* **The problem**
Output, word for word, the span of lines that starts at the one containing "-1) x (-1, 0, 0)" and ends at the last line of the records.

** Data supplied follows **

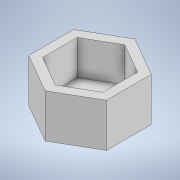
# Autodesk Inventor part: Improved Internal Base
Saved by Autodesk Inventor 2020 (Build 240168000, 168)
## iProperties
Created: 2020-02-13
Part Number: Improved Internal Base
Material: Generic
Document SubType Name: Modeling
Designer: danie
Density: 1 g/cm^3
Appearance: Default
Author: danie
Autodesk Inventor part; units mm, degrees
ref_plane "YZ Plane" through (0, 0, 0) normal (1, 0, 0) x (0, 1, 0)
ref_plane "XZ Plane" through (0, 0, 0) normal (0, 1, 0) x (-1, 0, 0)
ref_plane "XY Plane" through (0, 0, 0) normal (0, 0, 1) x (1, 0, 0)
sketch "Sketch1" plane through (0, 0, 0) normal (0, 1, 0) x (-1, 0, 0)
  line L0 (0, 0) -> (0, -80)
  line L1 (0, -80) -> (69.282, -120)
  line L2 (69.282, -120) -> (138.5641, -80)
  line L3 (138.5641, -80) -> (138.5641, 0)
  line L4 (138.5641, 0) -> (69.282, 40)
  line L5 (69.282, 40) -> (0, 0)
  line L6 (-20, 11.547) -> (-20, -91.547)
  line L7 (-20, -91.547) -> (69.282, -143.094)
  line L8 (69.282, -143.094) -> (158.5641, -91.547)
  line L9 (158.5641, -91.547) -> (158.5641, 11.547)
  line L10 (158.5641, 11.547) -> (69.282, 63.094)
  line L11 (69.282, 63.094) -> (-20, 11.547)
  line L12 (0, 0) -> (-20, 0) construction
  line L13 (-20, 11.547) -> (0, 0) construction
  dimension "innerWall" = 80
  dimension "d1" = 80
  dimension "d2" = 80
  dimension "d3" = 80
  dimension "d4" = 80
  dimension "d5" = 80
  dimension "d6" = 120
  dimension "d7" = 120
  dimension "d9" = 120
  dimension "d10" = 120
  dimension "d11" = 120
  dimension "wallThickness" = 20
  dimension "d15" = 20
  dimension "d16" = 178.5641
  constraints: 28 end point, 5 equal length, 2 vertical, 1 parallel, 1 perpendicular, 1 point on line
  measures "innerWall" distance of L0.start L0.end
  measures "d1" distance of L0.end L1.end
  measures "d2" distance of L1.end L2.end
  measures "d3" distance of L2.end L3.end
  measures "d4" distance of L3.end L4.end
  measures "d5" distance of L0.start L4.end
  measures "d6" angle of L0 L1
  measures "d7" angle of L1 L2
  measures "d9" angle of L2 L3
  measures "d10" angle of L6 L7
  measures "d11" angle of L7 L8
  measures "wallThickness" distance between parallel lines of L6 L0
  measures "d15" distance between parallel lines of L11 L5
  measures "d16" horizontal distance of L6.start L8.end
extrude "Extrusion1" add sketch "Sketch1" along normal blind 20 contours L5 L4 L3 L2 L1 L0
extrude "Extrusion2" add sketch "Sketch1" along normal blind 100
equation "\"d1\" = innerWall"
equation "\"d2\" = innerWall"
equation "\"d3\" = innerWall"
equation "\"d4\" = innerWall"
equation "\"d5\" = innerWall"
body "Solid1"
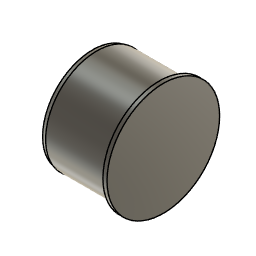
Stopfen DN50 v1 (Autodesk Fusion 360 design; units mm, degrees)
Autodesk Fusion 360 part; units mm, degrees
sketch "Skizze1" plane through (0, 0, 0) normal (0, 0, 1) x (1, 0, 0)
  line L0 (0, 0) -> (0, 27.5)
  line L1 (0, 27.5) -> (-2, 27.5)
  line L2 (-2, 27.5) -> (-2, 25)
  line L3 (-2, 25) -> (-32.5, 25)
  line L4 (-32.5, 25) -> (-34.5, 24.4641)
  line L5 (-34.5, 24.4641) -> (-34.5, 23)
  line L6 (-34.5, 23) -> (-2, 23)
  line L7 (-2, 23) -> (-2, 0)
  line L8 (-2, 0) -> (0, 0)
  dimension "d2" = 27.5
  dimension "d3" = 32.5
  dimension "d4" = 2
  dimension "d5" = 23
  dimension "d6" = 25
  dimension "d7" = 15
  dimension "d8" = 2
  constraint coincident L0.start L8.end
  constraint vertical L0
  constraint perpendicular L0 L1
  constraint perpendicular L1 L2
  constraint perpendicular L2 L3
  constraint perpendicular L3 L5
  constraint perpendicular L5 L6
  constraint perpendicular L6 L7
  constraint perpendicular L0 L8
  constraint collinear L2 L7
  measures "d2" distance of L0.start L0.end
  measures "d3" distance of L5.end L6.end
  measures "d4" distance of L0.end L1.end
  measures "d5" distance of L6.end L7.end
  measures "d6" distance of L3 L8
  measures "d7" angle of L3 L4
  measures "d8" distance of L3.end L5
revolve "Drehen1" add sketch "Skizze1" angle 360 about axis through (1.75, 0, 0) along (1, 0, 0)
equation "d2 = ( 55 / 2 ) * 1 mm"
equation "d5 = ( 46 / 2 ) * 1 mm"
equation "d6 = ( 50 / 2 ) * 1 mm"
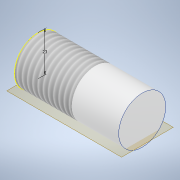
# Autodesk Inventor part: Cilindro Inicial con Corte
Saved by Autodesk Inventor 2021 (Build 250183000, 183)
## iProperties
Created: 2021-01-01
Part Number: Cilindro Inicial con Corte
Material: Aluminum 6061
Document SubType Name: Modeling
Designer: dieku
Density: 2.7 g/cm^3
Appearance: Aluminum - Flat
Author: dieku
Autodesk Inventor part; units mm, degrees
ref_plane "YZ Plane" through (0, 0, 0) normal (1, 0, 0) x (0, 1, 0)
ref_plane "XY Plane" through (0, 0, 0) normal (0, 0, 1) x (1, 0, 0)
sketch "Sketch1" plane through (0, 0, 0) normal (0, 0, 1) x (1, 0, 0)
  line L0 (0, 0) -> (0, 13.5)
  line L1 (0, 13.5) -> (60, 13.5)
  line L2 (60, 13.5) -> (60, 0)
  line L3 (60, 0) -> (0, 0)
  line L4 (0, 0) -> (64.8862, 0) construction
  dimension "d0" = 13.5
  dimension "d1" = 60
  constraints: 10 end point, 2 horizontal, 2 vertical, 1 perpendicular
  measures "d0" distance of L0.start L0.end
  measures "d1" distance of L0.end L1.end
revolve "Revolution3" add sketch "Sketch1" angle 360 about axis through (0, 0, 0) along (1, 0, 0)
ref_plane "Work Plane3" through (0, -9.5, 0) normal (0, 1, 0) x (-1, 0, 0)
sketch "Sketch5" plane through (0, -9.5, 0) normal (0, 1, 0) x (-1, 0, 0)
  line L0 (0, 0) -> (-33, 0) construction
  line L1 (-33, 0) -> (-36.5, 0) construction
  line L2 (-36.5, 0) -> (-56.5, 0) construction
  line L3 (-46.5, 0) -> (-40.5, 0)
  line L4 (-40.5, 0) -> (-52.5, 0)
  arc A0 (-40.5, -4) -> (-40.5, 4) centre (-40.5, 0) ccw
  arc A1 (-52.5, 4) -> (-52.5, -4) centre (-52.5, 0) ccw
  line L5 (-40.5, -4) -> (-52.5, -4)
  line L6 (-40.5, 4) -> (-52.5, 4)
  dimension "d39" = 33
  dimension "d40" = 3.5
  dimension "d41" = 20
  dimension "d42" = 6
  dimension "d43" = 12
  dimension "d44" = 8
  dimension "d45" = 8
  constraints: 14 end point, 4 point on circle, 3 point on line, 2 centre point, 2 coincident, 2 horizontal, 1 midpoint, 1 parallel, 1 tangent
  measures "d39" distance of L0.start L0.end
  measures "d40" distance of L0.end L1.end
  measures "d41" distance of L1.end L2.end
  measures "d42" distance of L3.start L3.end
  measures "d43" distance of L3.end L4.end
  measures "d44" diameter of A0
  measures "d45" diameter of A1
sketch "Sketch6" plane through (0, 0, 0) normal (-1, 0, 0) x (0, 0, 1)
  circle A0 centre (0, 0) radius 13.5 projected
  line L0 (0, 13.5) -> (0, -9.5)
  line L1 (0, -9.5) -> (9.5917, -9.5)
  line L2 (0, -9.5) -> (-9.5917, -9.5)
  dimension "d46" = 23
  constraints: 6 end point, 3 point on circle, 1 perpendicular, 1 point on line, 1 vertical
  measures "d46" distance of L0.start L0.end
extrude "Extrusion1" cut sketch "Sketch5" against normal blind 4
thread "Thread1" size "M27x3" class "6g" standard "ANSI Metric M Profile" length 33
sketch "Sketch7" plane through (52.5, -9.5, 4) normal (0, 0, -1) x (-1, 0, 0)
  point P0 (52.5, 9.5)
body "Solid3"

** End of Data supplied **

* **Task response**
sketch "Sketch7" plane through (52.5, -9.5, 4) normal (0, 0, -1) x (-1, 0, 0)
  point P0 (52.5, 9.5)
body "Solid3"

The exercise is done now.